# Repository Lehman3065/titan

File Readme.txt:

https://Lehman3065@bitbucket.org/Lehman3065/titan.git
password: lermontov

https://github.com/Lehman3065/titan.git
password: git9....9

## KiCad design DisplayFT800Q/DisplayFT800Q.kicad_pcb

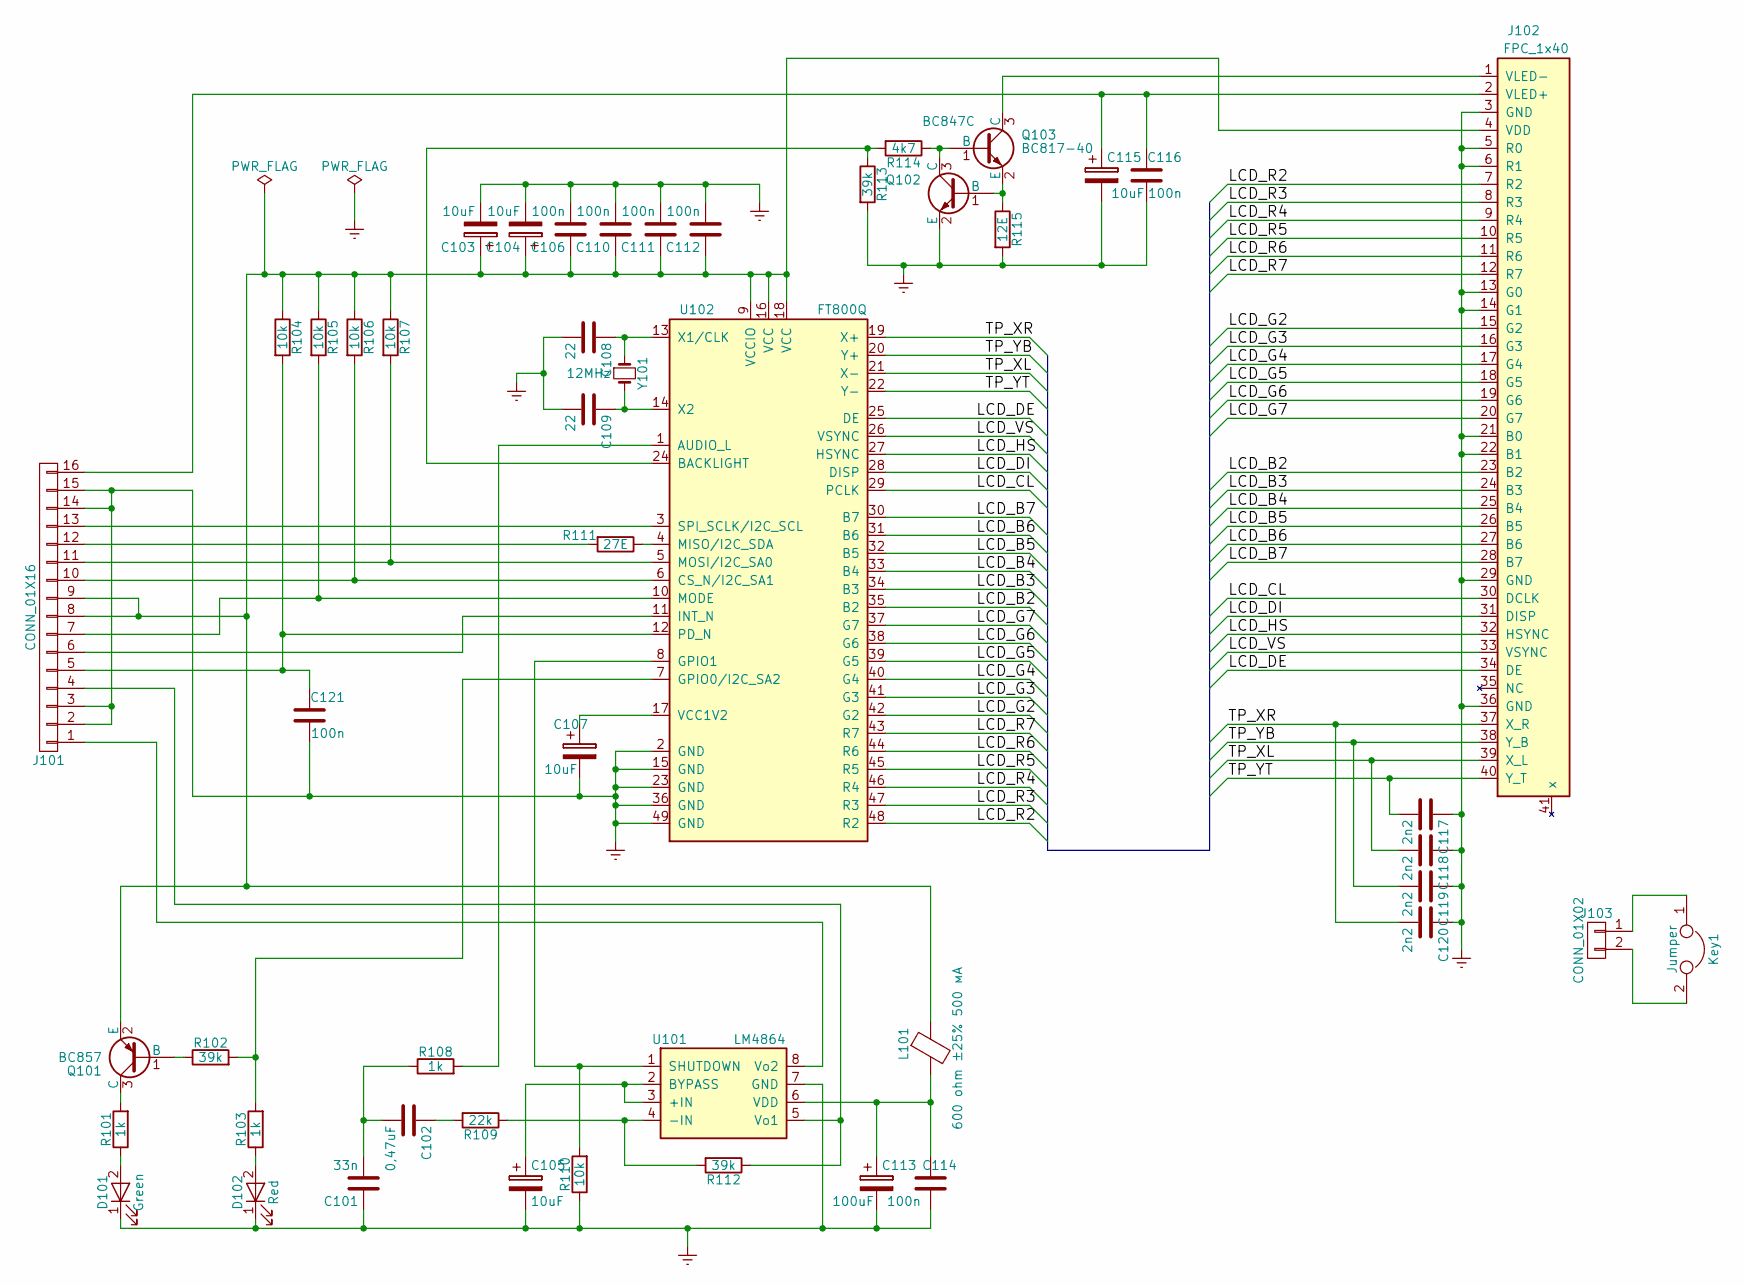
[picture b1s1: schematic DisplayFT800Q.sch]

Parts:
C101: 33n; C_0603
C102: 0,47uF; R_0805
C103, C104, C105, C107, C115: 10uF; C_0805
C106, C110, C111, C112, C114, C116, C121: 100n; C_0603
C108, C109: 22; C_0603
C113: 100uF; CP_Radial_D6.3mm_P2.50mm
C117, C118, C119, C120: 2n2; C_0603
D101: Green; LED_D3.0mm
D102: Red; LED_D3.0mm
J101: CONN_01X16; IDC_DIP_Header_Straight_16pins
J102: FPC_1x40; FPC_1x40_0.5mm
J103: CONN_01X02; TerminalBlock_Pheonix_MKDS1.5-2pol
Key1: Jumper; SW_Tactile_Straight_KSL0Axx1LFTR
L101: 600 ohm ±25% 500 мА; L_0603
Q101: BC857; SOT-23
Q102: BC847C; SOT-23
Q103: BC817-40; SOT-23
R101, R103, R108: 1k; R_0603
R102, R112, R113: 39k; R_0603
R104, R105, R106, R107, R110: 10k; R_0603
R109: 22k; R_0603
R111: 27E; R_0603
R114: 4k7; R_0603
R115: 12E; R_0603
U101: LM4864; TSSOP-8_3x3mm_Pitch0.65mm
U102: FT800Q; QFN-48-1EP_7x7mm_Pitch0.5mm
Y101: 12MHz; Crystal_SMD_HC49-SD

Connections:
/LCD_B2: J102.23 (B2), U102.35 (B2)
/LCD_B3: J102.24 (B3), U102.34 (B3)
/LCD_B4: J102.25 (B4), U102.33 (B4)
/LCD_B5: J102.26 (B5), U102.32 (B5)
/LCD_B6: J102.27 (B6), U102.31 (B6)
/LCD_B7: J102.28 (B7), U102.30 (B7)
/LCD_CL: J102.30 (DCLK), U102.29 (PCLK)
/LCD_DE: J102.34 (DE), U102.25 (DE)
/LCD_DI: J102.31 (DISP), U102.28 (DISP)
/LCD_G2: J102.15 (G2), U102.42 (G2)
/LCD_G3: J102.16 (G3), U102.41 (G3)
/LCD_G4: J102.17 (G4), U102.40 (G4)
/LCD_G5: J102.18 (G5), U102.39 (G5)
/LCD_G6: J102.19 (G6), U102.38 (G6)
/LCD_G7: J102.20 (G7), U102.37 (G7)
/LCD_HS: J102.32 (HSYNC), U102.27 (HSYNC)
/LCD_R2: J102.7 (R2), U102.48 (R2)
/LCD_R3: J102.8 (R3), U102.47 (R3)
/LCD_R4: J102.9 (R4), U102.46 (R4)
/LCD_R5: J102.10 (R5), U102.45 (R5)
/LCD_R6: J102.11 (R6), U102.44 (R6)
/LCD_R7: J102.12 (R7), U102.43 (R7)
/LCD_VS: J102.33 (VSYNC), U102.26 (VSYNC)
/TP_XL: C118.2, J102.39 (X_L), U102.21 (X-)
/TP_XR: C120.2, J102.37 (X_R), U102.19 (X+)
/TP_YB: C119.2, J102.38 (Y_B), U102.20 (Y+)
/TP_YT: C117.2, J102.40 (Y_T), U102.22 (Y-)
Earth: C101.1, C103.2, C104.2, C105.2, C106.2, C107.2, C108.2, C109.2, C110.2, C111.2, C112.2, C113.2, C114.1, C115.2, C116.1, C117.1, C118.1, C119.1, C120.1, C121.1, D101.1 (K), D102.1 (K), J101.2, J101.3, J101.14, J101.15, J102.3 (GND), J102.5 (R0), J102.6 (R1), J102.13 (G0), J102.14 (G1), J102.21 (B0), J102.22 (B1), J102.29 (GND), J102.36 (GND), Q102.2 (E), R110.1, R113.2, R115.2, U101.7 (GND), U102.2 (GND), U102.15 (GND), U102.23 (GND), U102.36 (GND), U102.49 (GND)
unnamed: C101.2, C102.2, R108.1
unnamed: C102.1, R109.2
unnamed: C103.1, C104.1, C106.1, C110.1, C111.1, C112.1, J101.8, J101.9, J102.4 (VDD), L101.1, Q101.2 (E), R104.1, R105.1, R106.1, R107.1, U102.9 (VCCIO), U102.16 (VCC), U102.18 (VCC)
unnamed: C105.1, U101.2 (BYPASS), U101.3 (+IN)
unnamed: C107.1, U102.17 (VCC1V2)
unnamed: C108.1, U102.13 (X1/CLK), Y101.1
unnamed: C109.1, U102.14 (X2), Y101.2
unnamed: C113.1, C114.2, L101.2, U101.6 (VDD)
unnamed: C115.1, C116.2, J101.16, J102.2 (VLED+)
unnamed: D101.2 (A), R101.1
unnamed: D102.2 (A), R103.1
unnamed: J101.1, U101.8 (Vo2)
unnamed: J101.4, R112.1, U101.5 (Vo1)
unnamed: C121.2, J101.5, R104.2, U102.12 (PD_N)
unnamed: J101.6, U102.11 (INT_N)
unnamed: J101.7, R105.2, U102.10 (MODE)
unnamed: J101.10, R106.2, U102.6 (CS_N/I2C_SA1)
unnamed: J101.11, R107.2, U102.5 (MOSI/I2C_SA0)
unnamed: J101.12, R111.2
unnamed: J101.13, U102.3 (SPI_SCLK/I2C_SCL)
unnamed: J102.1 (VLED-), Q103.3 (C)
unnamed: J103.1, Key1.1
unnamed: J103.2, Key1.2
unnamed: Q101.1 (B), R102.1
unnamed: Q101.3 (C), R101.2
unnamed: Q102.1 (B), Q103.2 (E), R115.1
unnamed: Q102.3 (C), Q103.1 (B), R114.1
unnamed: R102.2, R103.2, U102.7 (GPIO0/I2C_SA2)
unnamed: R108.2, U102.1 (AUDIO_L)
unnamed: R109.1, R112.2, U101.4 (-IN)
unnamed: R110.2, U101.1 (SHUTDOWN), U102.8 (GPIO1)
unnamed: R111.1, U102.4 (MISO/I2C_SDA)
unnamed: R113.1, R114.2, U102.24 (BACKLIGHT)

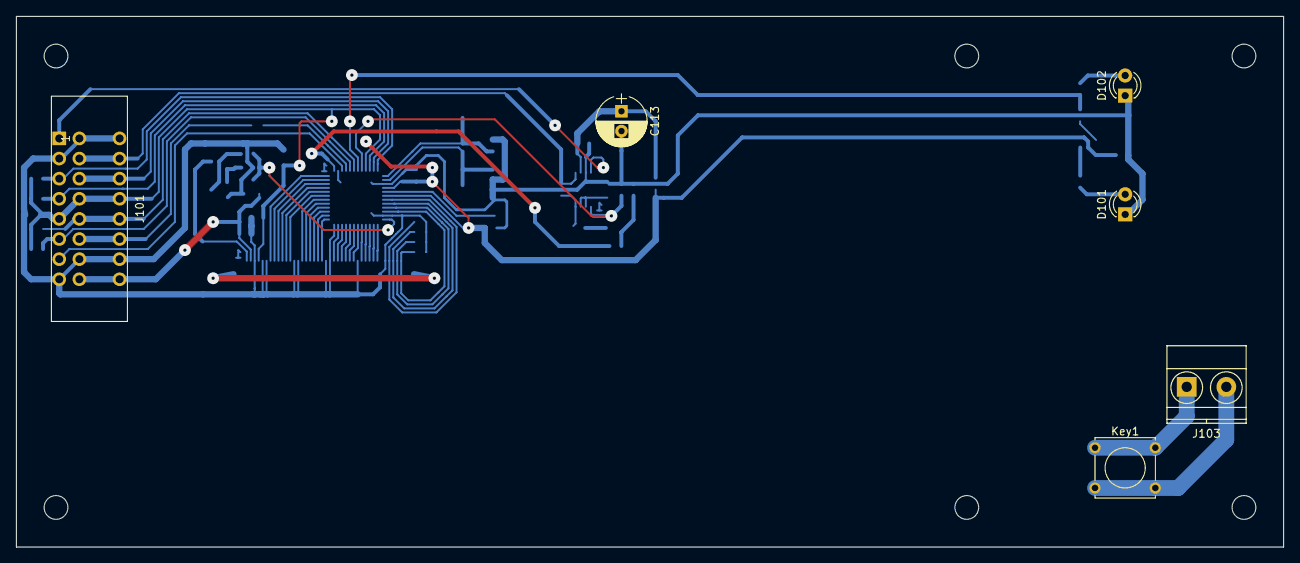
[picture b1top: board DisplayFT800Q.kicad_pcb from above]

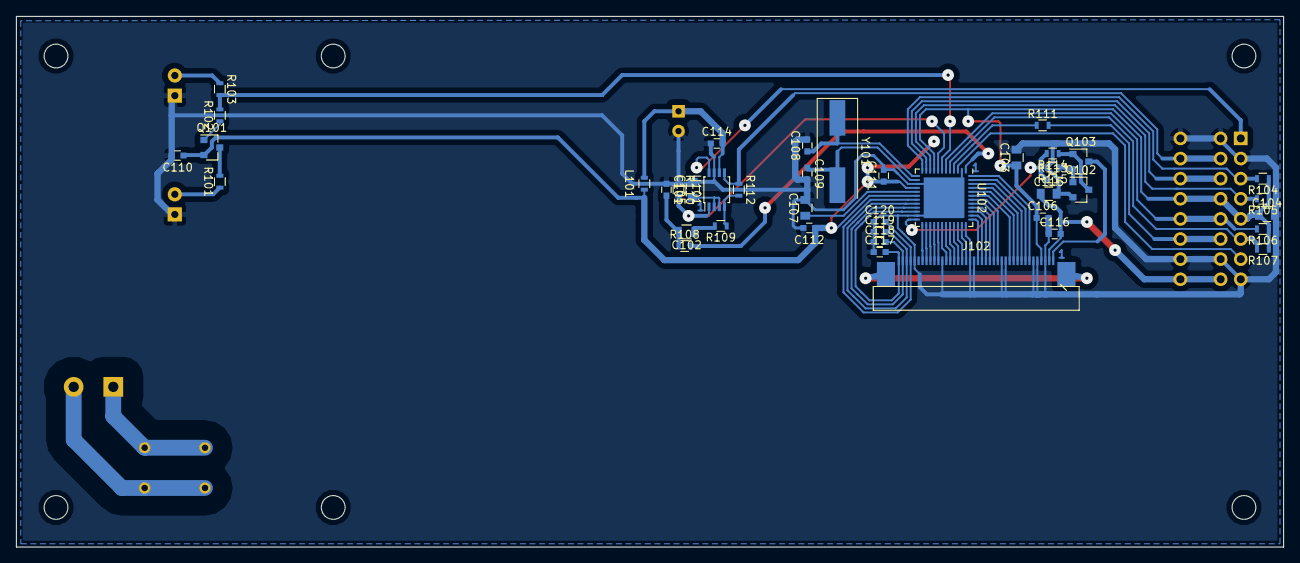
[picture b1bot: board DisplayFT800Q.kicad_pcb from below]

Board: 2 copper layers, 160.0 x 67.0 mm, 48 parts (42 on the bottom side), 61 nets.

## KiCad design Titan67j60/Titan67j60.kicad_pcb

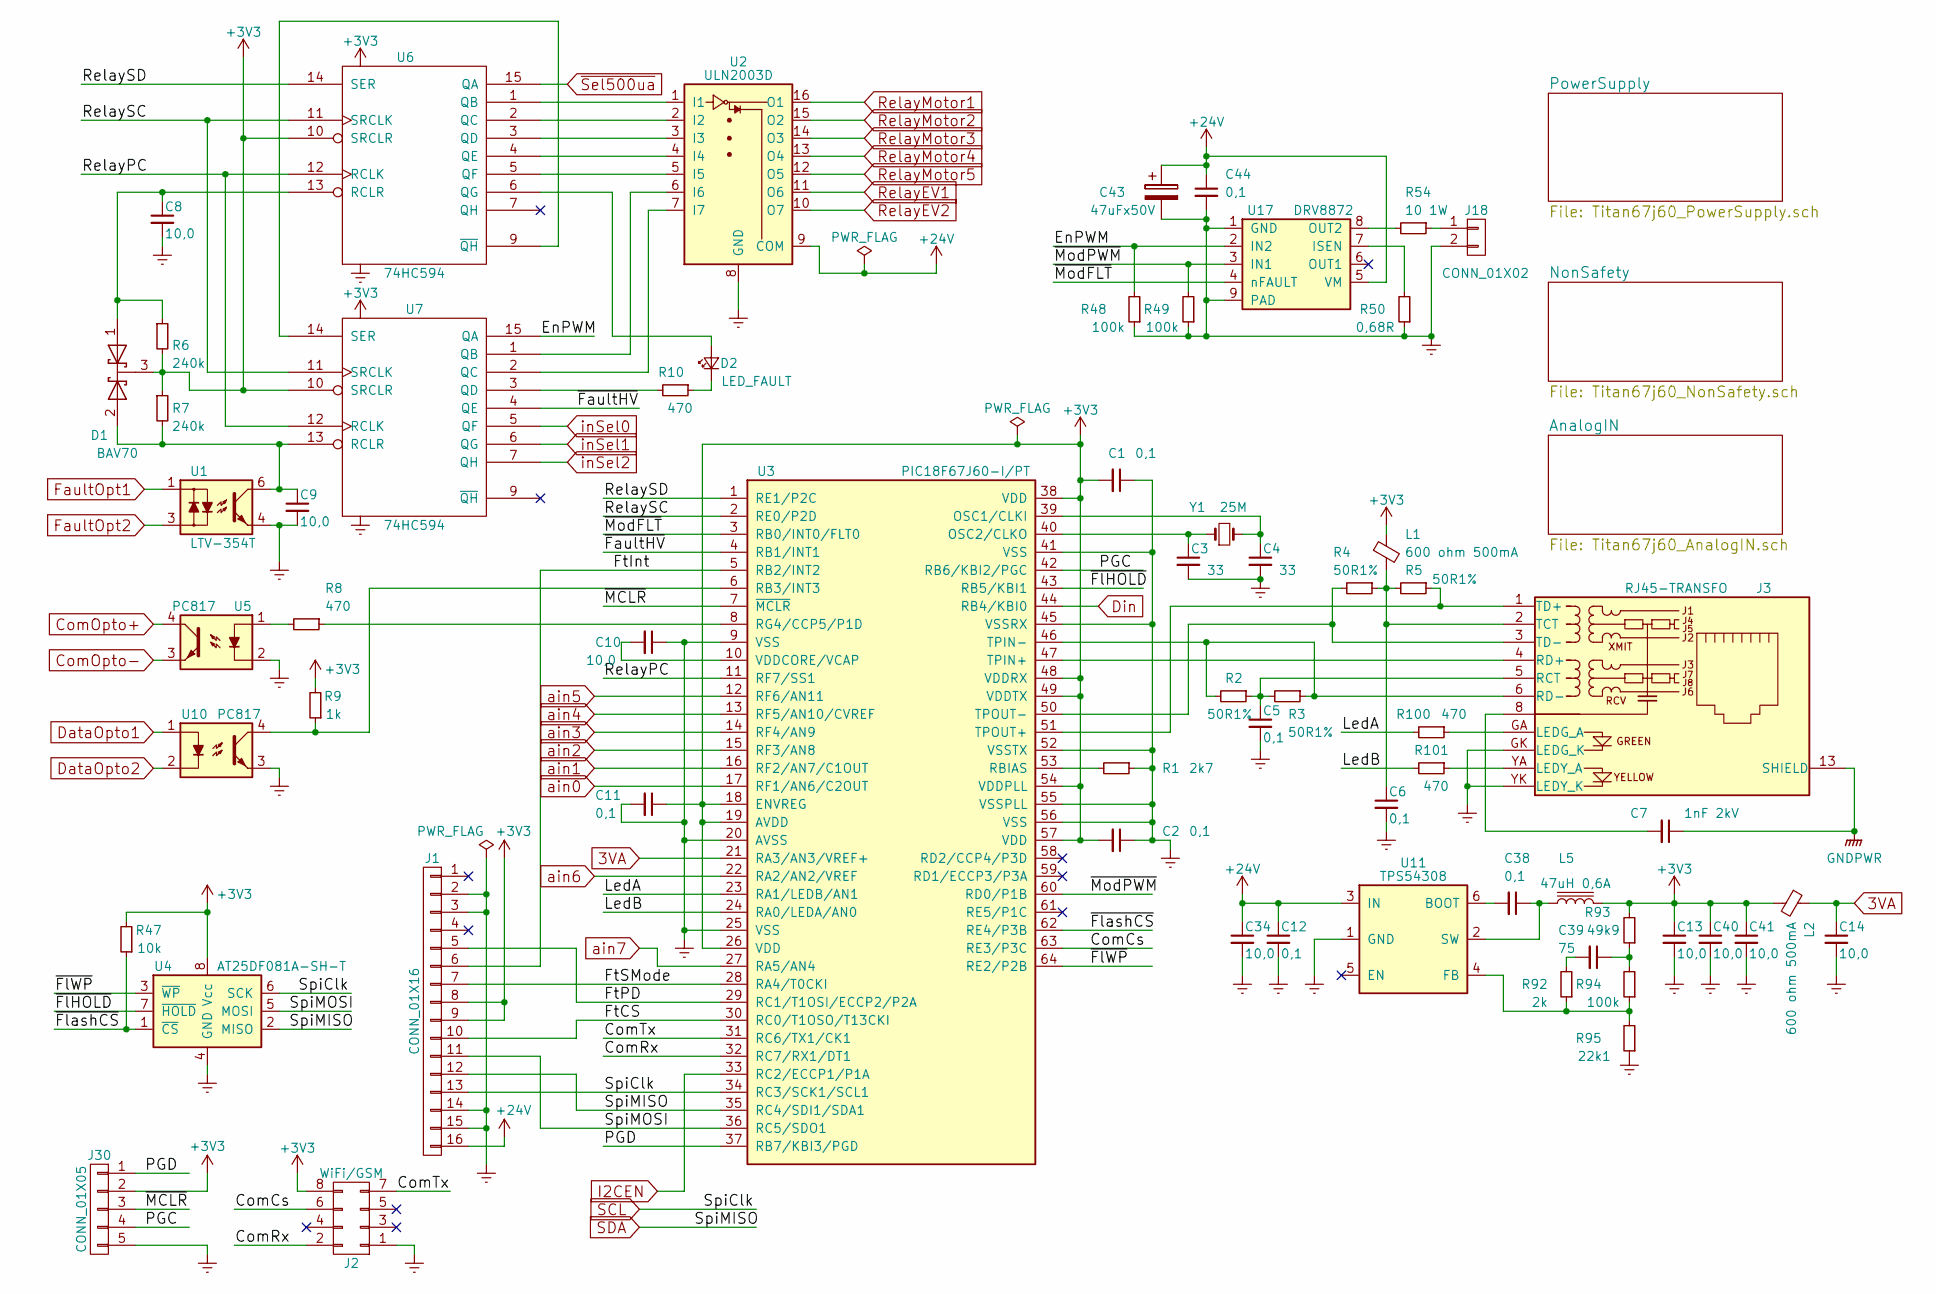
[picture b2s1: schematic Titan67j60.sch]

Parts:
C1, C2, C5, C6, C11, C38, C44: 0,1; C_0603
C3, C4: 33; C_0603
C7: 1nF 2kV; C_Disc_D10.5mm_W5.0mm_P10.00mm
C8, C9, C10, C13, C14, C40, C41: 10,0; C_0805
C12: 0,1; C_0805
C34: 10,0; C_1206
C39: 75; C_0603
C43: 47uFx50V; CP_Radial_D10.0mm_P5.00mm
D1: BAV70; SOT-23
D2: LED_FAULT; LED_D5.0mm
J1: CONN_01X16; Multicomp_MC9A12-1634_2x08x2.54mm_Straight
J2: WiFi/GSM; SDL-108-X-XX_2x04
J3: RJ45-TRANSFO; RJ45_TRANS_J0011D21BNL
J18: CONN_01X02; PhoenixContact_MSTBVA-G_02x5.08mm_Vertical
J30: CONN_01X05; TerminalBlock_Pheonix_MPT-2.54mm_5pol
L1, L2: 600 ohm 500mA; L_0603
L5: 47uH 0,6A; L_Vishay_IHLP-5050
++++++
_Assignment_
Everything from the line with "C34: 10,0; C_1206" down to the last line of the data above should be returned exactly, with both ends kept and nothing added.

_Solved problem_
C34: 10,0; C_1206
C39: 75; C_0603
C43: 47uFx50V; CP_Radial_D10.0mm_P5.00mm
D1: BAV70; SOT-23
D2: LED_FAULT; LED_D5.0mm
J1: CONN_01X16; Multicomp_MC9A12-1634_2x08x2.54mm_Straight
J2: WiFi/GSM; SDL-108-X-XX_2x04
J3: RJ45-TRANSFO; RJ45_TRANS_J0011D21BNL
J18: CONN_01X02; PhoenixContact_MSTBVA-G_02x5.08mm_Vertical
J30: CONN_01X05; TerminalBlock_Pheonix_MPT-2.54mm_5pol
L1, L2: 600 ohm 500mA; L_0603
L5: 47uH 0,6A; L_Vishay_IHLP-5050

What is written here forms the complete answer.